1) Reduced dimming and smaller voltage drops
2) More stable voltage and better current flow
3) Less strain on your vehicle's charging system

The Big 3 are

1) Battery negative to chassis
2) Alternator to battery positive
3) Chassis to engine


----------



## AsymmetricalDichotomy (Aug 13, 2010)

Sub'd! :beer:


----------



## John Reid (Jun 30, 2010)

****ing post died on me. Have to rewrite.

Yup, I have a 2.5L. And yup, that's the infamous boot.

The circle you show is the 4 gauge cable that I replaced with aftermarket, and that cable also needs a 90 degree lug for it to work (you can see the stock lug the image you posted). 

I also replaced the second cable with aftermarket 8 gauge. IIRC, both cables ultimately run to the engine bay fuse box.

For the battery ground, I used the stock location, but ground off the paint before I bolted the new cable on.

My MKV JSW has a 140 amp alt, so technically I could probably have gotten away with leaving all the wire stock, _but_:

1) I'm used to upgrading the Big 3, from when I used to compete (you lose points if you don't do it)
2) I have a 1950 watt system in the JSW, so given that the stock wiring is designed to work with a stock load and not much else, I felt it would be worth it.
3) I'm a bit anal retentive when it comes to my car audio installs.

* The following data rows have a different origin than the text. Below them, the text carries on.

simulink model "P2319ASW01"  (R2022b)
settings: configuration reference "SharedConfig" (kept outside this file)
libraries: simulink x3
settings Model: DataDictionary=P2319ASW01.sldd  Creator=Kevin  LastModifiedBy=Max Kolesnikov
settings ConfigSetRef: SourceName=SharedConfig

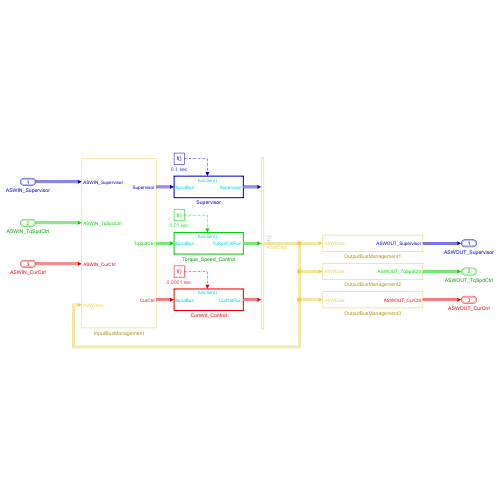
[thumbnail: Simulink's stored preview of the top-level diagram]
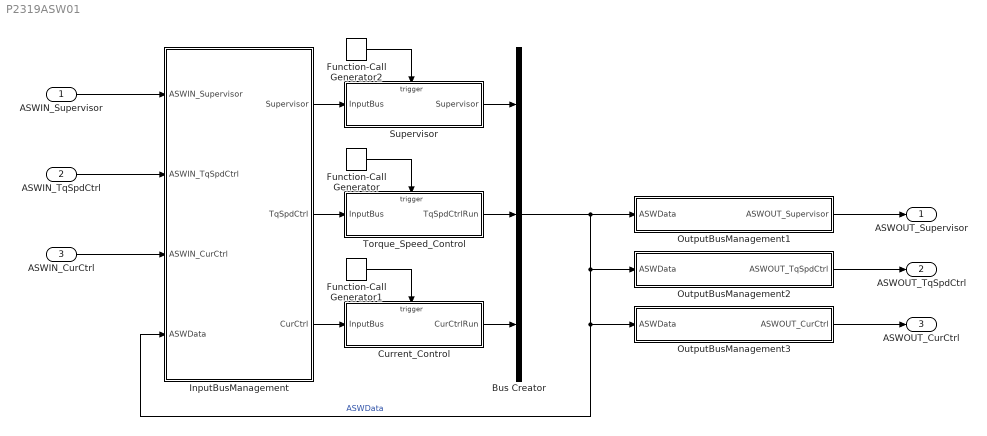
== system P2319ASW01 ==
  ASWIN_Supervisor : Inport  OutDataTypeStr=Bus: ASWIN_Supervisor
  ASWIN_TqSpdCtrl : Inport  Port=2  OutDataTypeStr=Bus: ASWIN_TqSpdCtrl
  ASWIN_CurCtrl : Inport  Port=3  OutDataTypeStr=Bus: ASWIN_CurCtrl
  Bus Creator : BusCreator  Inputs=3
  Current_Control : Subsystem  TreatAsAtomicUnit=on
      settings: RTWSystemCode=Nonreusable function
  Function-Call Generator : simulink/Ports & Subsystems/Function-Call Generator  sample_time=0.01  numberOfIterations=1  DisallowWideOutput=off
      settings: AttributesFormatString=%<sample_time> sec
  Function-Call Generator1 : simulink/Ports & Subsystems/Function-Call Generator  sample_time=0.0001  numberOfIterations=1  DisallowWideOutput=off
      settings: AttributesFormatString=%<sample_time> sec
  Function-Call Generator2 : simulink/Ports & Subsystems/Function-Call Generator  sample_time=0.1  numberOfIterations=1  DisallowWideOutput=off
      settings: AttributesFormatString=%<sample_time> sec
  InputBusManagement : Subsystem
  OutputBusManagement1 : Subsystem
  OutputBusManagement2 : Subsystem
  OutputBusManagement3 : Subsystem
  Supervisor : Subsystem  TreatAsAtomicUnit=on
      settings: RTWSystemCode=Nonreusable function
  Torque_Speed_Control : Subsystem  TreatAsAtomicUnit=on
      settings: RTWSystemCode=Nonreusable function
  ASWOUT_Supervisor : Outport  OutDataTypeStr=Bus: ASWOUT_Supervisor
  ASWOUT_TqSpdCtrl : Outport  Port=2  OutDataTypeStr=Bus: ASWOUT_TqSpdCtrl
  ASWOUT_CurCtrl : Outport  Port=3  OutDataTypeStr=Bus: ASWOUT_CurCtrl
  wires:
  Function-Call Generator/1 -> Torque_Speed_Control/Trigger
  Function-Call Generator2/1 -> Supervisor/Trigger
  Torque_Speed_Control/1(TqSpdCtrlRun) -> Bus Creator/2
  Supervisor/1(Supervisor) -> Bus Creator/1
  Current_Control/1(CurCtrlRun) -> Bus Creator/3
  Function-Call Generator1/1 -> Current_Control/Trigger
  Bus Creator/1 -> InputBusManagement/4(ASWData), OutputBusManagement3/1(ASWData), OutputBusManagement2/1(ASWData), OutputBusManagement1/1(ASWData)  "ASWData"
  InputBusManagement/1(Supervisor) -> Supervisor/1(InputBus)
  InputBusManagement/2(TqSpdCtrl) -> Torque_Speed_Control/1(InputBus)
  InputBusManagement/3(CurCtrl) -> Current_Control/1(InputBus)
  ASWIN_CurCtrl/1 -> InputBusManagement/3(ASWIN_CurCtrl)
  OutputBusManagement3/1(ASWOUT_CurCtrl) -> ASWOUT_CurCtrl/1
  OutputBusManagement1/1(ASWOUT_Supervisor) -> ASWOUT_Supervisor/1
  ASWIN_Supervisor/1 -> InputBusManagement/1(ASWIN_Supervisor)
  ASWIN_TqSpdCtrl/1 -> InputBusManagement/2(ASWIN_TqSpdCtrl)
  OutputBusManagement2/1(ASWOUT_TqSpdCtrl) -> ASWOUT_TqSpdCtrl/1

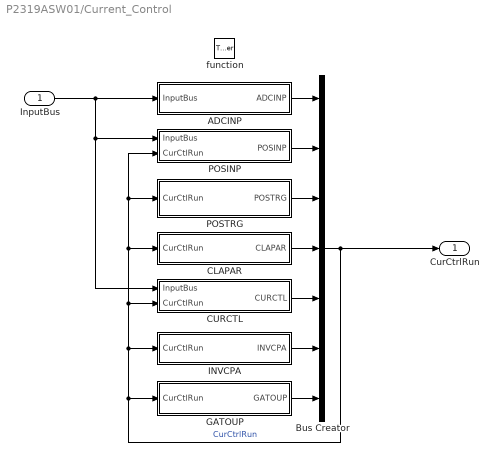
== system P2319ASW01/Current_Control ==
  InputBus : Inport
  function : TriggerPort  TriggerType=function-call  VariantControl=(inherit)
  ADCINP : Subsystem
  Bus Creator : BusCreator  Inputs=7
  CLAPAR : Subsystem
  CURCTL : Subsystem
  GATOUP : Subsystem
  INVCPA : Subsystem
  POSINP : Subsystem
  POSTRG : Subsystem
  CurCtrlRun : Outport
  wires:
  Bus Creator/1 -> CurCtrlRun/1, POSINP/2(CurCtlRun), POSTRG/1(CurCtlRun), CLAPAR/1(CurCtlRun), CURCTL/2(CurCtlRun), INVCPA/1(CurCtlRun), GATOUP/1(CurCtlRun)  "CurCtrlRun"
  POSINP/1(POSINP) -> Bus Creator/2
  ADCINP/1(ADCINP) -> Bus Creator/1
  POSTRG/1(POSTRG) -> Bus Creator/3
  CLAPAR/1(CLAPAR) -> Bus Creator/4
  CURCTL/1(CURCTL) -> Bus Creator/5
  INVCPA/1(INVCPA) -> Bus Creator/6
  GATOUP/1(GATOUP) -> Bus Creator/7
  InputBus/1 -> CURCTL/1(InputBus), POSINP/1(InputBus), ADCINP/1(InputBus)

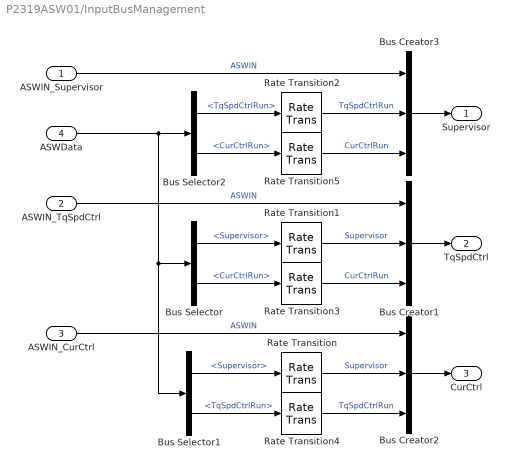
== system P2319ASW01/InputBusManagement ==
  ASWIN_Supervisor : Inport
  ASWIN_TqSpdCtrl : Inport  Port=2
  ASWIN_CurCtrl : Inport  Port=3
  ASWData : Inport  Port=4
  Bus Creator1 : BusCreator  Inputs=3
  Bus Creator2 : BusCreator  Inputs=3
  Bus Creator3 : BusCreator  Inputs=3
  Bus Selector : BusSelector  OutputSignals=Supervisor,CurCtrlRun
  Bus Selector1 : BusSelector  OutputSignals=Supervisor,TqSpdCtrlRun
  Bus Selector2 : BusSelector  OutputSignals=TqSpdCtrlRun,CurCtrlRun
  Rate Transition{,1..5} (6 alike) : RateTransition
  Supervisor : Outport
  TqSpdCtrl : Outport  Port=2
  CurCtrl : Outport  Port=3
  wires:
  Bus Selector1/1 -> Rate Transition/1  "<Supervisor>"
  Rate Transition3/1 -> Bus Creator1/3  "CurCtrlRun"
  Rate Transition4/1 -> Bus Creator2/3  "TqSpdCtrlRun"
  ASWIN_Supervisor/1 -> Bus Creator3/1  "ASWIN"
  Bus Selector/2 -> Rate Transition3/1  "<CurCtrlRun>"
  Bus Selector/1 -> Rate Transition1/1  "<Supervisor>"
  Rate Transition1/1 -> Bus Creator1/2  "Supervisor"
  Bus Selector1/2 -> Rate Transition4/1  "<TqSpdCtrlRun>"
  Rate Transition/1 -> Bus Creator2/2  "Supervisor"
  Bus Creator2/1 -> CurCtrl/1
  Bus Creator1/1 -> TqSpdCtrl/1
  ASWIN_CurCtrl/1 -> Bus Creator2/1  "ASWIN"
  ASWIN_TqSpdCtrl/1 -> Bus Creator1/1  "ASWIN"
  Bus Creator3/1 -> Supervisor/1
  Rate Transition2/1 -> Bus Creator3/2  "TqSpdCtrlRun"
  Bus Selector2/1 -> Rate Transition2/1  "<TqSpdCtrlRun>"
  Bus Selector2/2 -> Rate Transition5/1  "<CurCtrlRun>"
  Rate Transition5/1 -> Bus Creator3/3  "CurCtrlRun"
  ASWData/1 -> Bus Selector1/1, Bus Selector/1, Bus Selector2/1

== system P2319ASW01/OutputBusManagement1 ==
  ASWData : Inport
  Bus Creator : BusCreator  Inputs=10
  Bus Selector : BusSelector  OutputSignals=Supervisor.SLWOUP.ASWOUT_GreenLed,Supervisor.SLWOUP.ASWOUT_RedLed,Supervisor.SLWOUP.ASWOUT_YellowLed,Supervisor.SLWOUP.ASWOUT_ResolverExctEna,Supervisor.SLWOUP.ASWOUT_McuData2Da,Supervisor.SLWOUP.ASWOUT_CanPwrPwmEna,Supervisor.SLWOUP.ASWOUT_InPwrPwmEna,Supervisor.SLWOUP.ASWOUT_MtrPwrPwmEna,Supervisor.SLWOUP.ASWOUT_SwPwrPwmEna,Supervisor.SLWOUP.ASWOUT_PhaPwmEna
  ASWOUT_Supervisor : Outport
  wires:
  Bus Creator/1 -> ASWOUT_Supervisor/1
  ASWData/1 -> Bus Selector/1
  Bus Selector/1 -> Bus Creator/1  "<ASWOUT_GreenLed>"
  Bus Selector/2 -> Bus Creator/2  "<ASWOUT_RedLed>"
  Bus Selector/3 -> Bus Creator/3  "<ASWOUT_YellowLed>"
  Bus Selector/4 -> Bus Creator/4  "<ASWOUT_ResolverExctEna>"
  Bus Selector/5 -> Bus Creator/5  "<ASWOUT_McuData2Da>"
  Bus Selector/6 -> Bus Creator/6  "<ASWOUT_CanPwrPwmEna>"
  Bus Selector/9 -> Bus Creator/9  "<ASWOUT_SwPwrPwmEna>"
  Bus Selector/8 -> Bus Creator/8  "<ASWOUT_MtrPwrPwmEna>"
  Bus Selector/10 -> Bus Creator/10  "<ASWOUT_PhaPwmEna>"
  Bus Selector/7 -> Bus Creator/7  "<ASWOUT_InPwrPwmEna>"

== system P2319ASW01/OutputBusManagement2 ==
  ASWData : Inport
  Bus Creator : BusCreator  Inputs=1
  Bus Selector : BusSelector  OutputSignals=TqSpdCtrlRun.MEDOUP.ASWOUT_McuData1Da
  ASWOUT_TqSpdCtrl : Outport
  wires:
  ASWData/1 -> Bus Selector/1
  Bus Creator/1 -> ASWOUT_TqSpdCtrl/1
  Bus Selector/1 -> Bus Creator/1  "<ASWOUT_McuData1Da>"

== system P2319ASW01/OutputBusManagement3 ==
  ASWData : Inport
  Bus Creator : BusCreator  Inputs=3
  Bus Selector : BusSelector  OutputSignals=CurCtrlRun.GATOUP.ASWOUT_PhaAPwmDc,CurCtrlRun.GATOUP.ASWOUT_PhaBPwmDc,CurCtrlRun.GATOUP.ASWOUT_PhaCPwmDc
  ASWOUT_CurCtrl : Outport
  wires:
  ASWData/1 -> Bus Selector/1
  Bus Creator/1 -> ASWOUT_CurCtrl/1
  Bus Selector/1 -> Bus Creator/1  "<ASWOUT_PhaAPwmDc>"
  Bus Selector/2 -> Bus Creator/2  "<ASWOUT_PhaBPwmDc>"
  Bus Selector/3 -> Bus Creator/3  "<ASWOUT_PhaCPwmDc>"

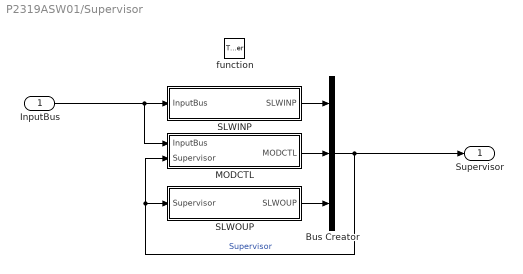
== system P2319ASW01/Supervisor ==
  InputBus : Inport
  function : TriggerPort  TriggerType=function-call  VariantControl=(inherit)
  Bus Creator : BusCreator  Inputs=3
  MODCTL : Subsystem
  SLWINP : Subsystem
  SLWOUP : Subsystem
  Supervisor : Outport
  wires:
  Bus Creator/1 -> Supervisor/1, SLWOUP/1(Supervisor), MODCTL/2(Supervisor)  "Supervisor"
  MODCTL/1(MODCTL) -> Bus Creator/2
  SLWINP/1(SLWINP) -> Bus Creator/1
  SLWOUP/1(SLWOUP) -> Bus Creator/3
  InputBus/1 -> MODCTL/1(InputBus), SLWINP/1(InputBus)

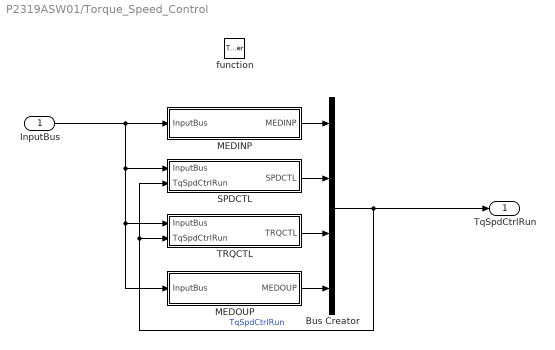
== system P2319ASW01/Torque_Speed_Control ==
  InputBus : Inport
  function : TriggerPort  TriggerType=function-call  VariantControl=(inherit)
  Bus Creator : BusCreator  Inputs=4
  MEDINP : Subsystem
  MEDOUP : Subsystem
  SPDCTL : Subsystem
  TRQCTL : Subsystem
  TqSpdCtrlRun : Outport
  wires:
  Bus Creator/1 -> TqSpdCtrlRun/1, SPDCTL/2(TqSpdCtrlRun), TRQCTL/2(TqSpdCtrlRun)  "TqSpdCtrlRun"
  SPDCTL/1(SPDCTL) -> Bus Creator/2
  TRQCTL/1(TRQCTL) -> Bus Creator/3
  MEDINP/1(MEDINP) -> Bus Creator/1
  MEDOUP/1(MEDOUP) -> Bus Creator/4
  InputBus/1 -> MEDINP/1(InputBus), MEDOUP/1(InputBus), TRQCTL/1(InputBus), SPDCTL/1(InputBus)

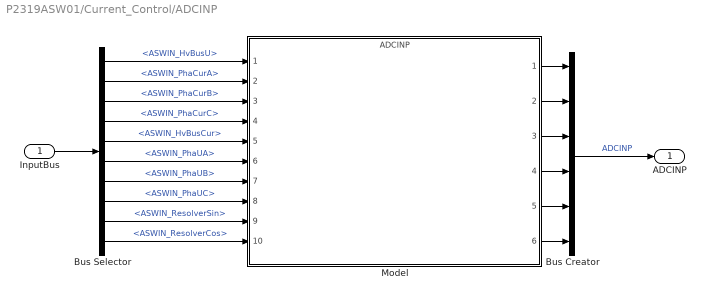
== system P2319ASW01/Current_Control/ADCINP ==
  InputBus : Inport
  Bus Creator : BusCreator  Inputs=6
  Bus Selector : BusSelector  OutputSignals=ASWIN.ASWIN_HvBusU,ASWIN.ASWIN_PhaCurA,ASWIN.ASWIN_PhaCurB,ASWIN.ASWIN_PhaCurC,ASWIN.ASWIN_HvBusCur,ASWIN.ASWIN_PhaUA,ASWIN.ASWIN_PhaUB,ASWIN.ASWIN_PhaUC,ASWIN.ASWIN_ResolverSin,ASWIN.ASWIN_ResolverCos
  Model : ModelReference  ModelNameDialog=ADCINP.slx  SimulationMode=Normal  ModelReferenceVersion=1.80
  ADCINP : Outport
  wires:
  Model/1 -> Bus Creator/1
  Model/2 -> Bus Creator/2
  Bus Creator/1 -> ADCINP/1  "ADCINP"
  Model/3 -> Bus Creator/3
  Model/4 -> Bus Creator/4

All car audio will be hotly debated, since it's such a subjective thing, and SoundDomain _can_ be a hotbed of misinformation, so always take what you read there with a grain of salt. 

Personally, I'd say that if you have, I dunno, a 500 watt stereo system, upgrading the Big 3 would be worth the effort. It *won't* be a night & day difference, but it won't hurt, either.

Old pics of the battery area in my car. In the first image, there are 2 wires coming out of the plastic battery container. One is fused (main battery power), the other wire to the right is the upgraded alt cable... I just routed it differently than stock to clean things up a bit. If you follow the cable line with your eye you'll see it exit the battery box on the right side and terminate in the main fuse box.


















I'll try to get a pic of the alternator area, but I think you have a good grasp on it.

Anal Retentive Chef FTW










By the way, there are a few members that frequent this section that'll probably have better info than I do, since they install for a living. NFrazier is one of them, another is (I think) [email protected] or something like that.


----------



## Blkzilla (Jul 24, 2008)

Im running 2000 watts.

What size fuse is that on the main power line?

Did you ground the alternator to the chassis?

Do you have any dimming? My dim enough for me to notice and that toooo much for me.


----------